I'd like an exact copy of only the lines from the start of the listing below through the line that holds "#369 = VERTEX_POINT ( 'NONE', #9366 ) ;". Please keep the pictures out.

DATA EXTRACTS
[Start of section]

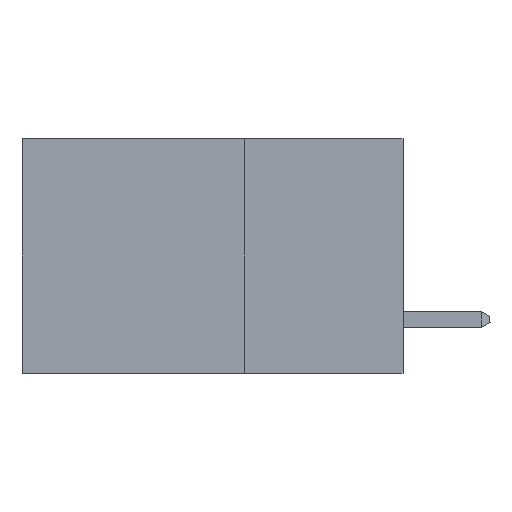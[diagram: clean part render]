
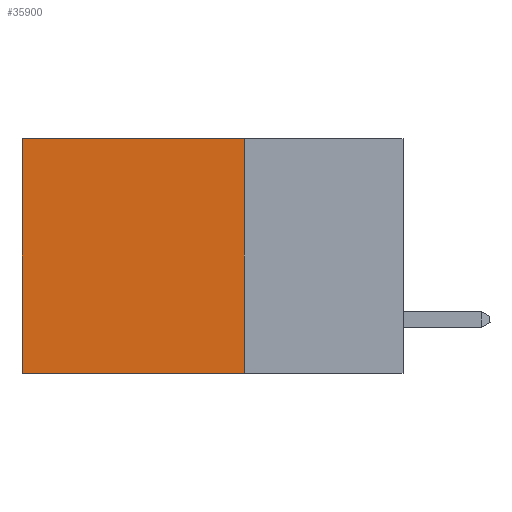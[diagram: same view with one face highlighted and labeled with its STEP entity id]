
A CAD part, left-side view. The second image highlights one B-rep face of the part: STEP entity #35900.
In plain terms, the highlighted planar face has unit normal (-1, 0, 0).
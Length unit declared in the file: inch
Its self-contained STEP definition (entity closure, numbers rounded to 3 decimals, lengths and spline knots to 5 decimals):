
#369 = VERTEX_POINT ( 'NONE', #9366 ) ;
#1734 = LINE ( 'NONE', #2900, #6329 ) ;
#2352 = CARTESIAN_POINT ( 'NONE',  ( 0.2875, 0.25, 0. ) ) ;
#2900 = CARTESIAN_POINT ( 'NONE',  ( 0.2875, 0.6, 0. ) ) ;
#5608 = CARTESIAN_POINT ( 'NONE',  ( 0.2875, 0.25, 0. ) ) ;
#5645 = LINE ( 'NONE', #8640, #10862 ) ;
#6134 = ORIENTED_EDGE ( 'NONE', *, *, #37187, .T. ) ;
#6329 = VECTOR ( 'NONE', #23441, 39.37008 ) ;
#8640 = CARTESIAN_POINT ( 'NONE',  ( 0.2875, 0.25, 0. ) ) ;
#8861 = VERTEX_POINT ( 'NONE', #5608 ) ;
#9334 = VERTEX_POINT ( 'NONE', #35532 ) ;
#9366 = CARTESIAN_POINT ( 'NONE',  ( 0.2875, 0.6, -0.37 ) ) ;
#9615 = EDGE_CURVE ( 'NONE', #9334, #369, #21798, .T. ) ;
#10862 = VECTOR ( 'NONE', #19073, 39.37008 ) ;
#11379 = EDGE_CURVE ( 'NONE', #38704, #369, #1734, .T. ) ;
#11543 = DIRECTION ( 'NONE',  ( 1., 0., 0. ) ) ;
#12970 = CARTESIAN_POINT ( 'NONE',  ( 0.2875, 0.6, 0. ) ) ;
#13106 = ORIENTED_EDGE ( 'NONE', *, *, #9615, .F. ) ;
#15660 = CARTESIAN_POINT ( 'NONE',  ( 0.2875, 0.25, -0.37 ) ) ;
#16618 = VECTOR ( 'NONE', #24949, 39.37008 ) ;
#17095 = EDGE_LOOP ( 'NONE', ( #21913, #13106, #23469, #6134 ) ) ;
#19073 = DIRECTION ( 'NONE',  ( 0., 0., -1. ) ) ;
#20643 = VECTOR ( 'NONE', #32271, 39.37008 ) ;
#21798 = LINE ( 'NONE', #15660, #16618 ) ;
#21913 = ORIENTED_EDGE ( 'NONE', *, *, #11379, .T. ) ;
#23441 = DIRECTION ( 'NONE',  ( 0., 0., -1. ) ) ;
#23469 = ORIENTED_EDGE ( 'NONE', *, *, #27203, .F. ) ;
#24949 = DIRECTION ( 'NONE',  ( 0., 1., 0. ) ) ;
#26806 = PLANE ( 'NONE',  #27692 ) ;
#27203 = EDGE_CURVE ( 'NONE', #8861, #9334, #5645, .T. ) ;
#27692 = AXIS2_PLACEMENT_3D ( 'NONE', #32488, #11543, #32633 ) ;
#31007 = LINE ( 'NONE', #2352, #20643 ) ;
#32271 = DIRECTION ( 'NONE',  ( 0., 1., 0. ) ) ;
#32488 = CARTESIAN_POINT ( 'NONE',  ( 0.2875, 0.25, 0. ) ) ;
#32633 = DIRECTION ( 'NONE',  ( 0., 0., -1. ) ) ;
#32953 = FACE_OUTER_BOUND ( 'NONE', #17095, .T. ) ;
#35532 = CARTESIAN_POINT ( 'NONE',  ( 0.2875, 0.25, -0.37 ) ) ;
#35900 = ADVANCED_FACE ( 'NONE', ( #32953 ), #26806, .F. ) ;
#37187 = EDGE_CURVE ( 'NONE', #8861, #38704, #31007, .T. ) ;
#38704 = VERTEX_POINT ( 'NONE', #12970 ) ;

[End of section]

RESULT OF THIS TASK
[diagram: clean part render]
[diagram: same view with one face highlighted and labeled with its STEP entity id]
A CAD part, left-side view. The second image highlights one B-rep face of the part: STEP entity #35900.
In plain terms, the highlighted planar face has unit normal (-1, 0, 0).
Length unit declared in the file: inch
Its self-contained STEP definition (entity closure, numbers rounded to 3 decimals, lengths and spline knots to 5 decimals):
#369 = VERTEX_POINT ( 'NONE', #9366 ) ;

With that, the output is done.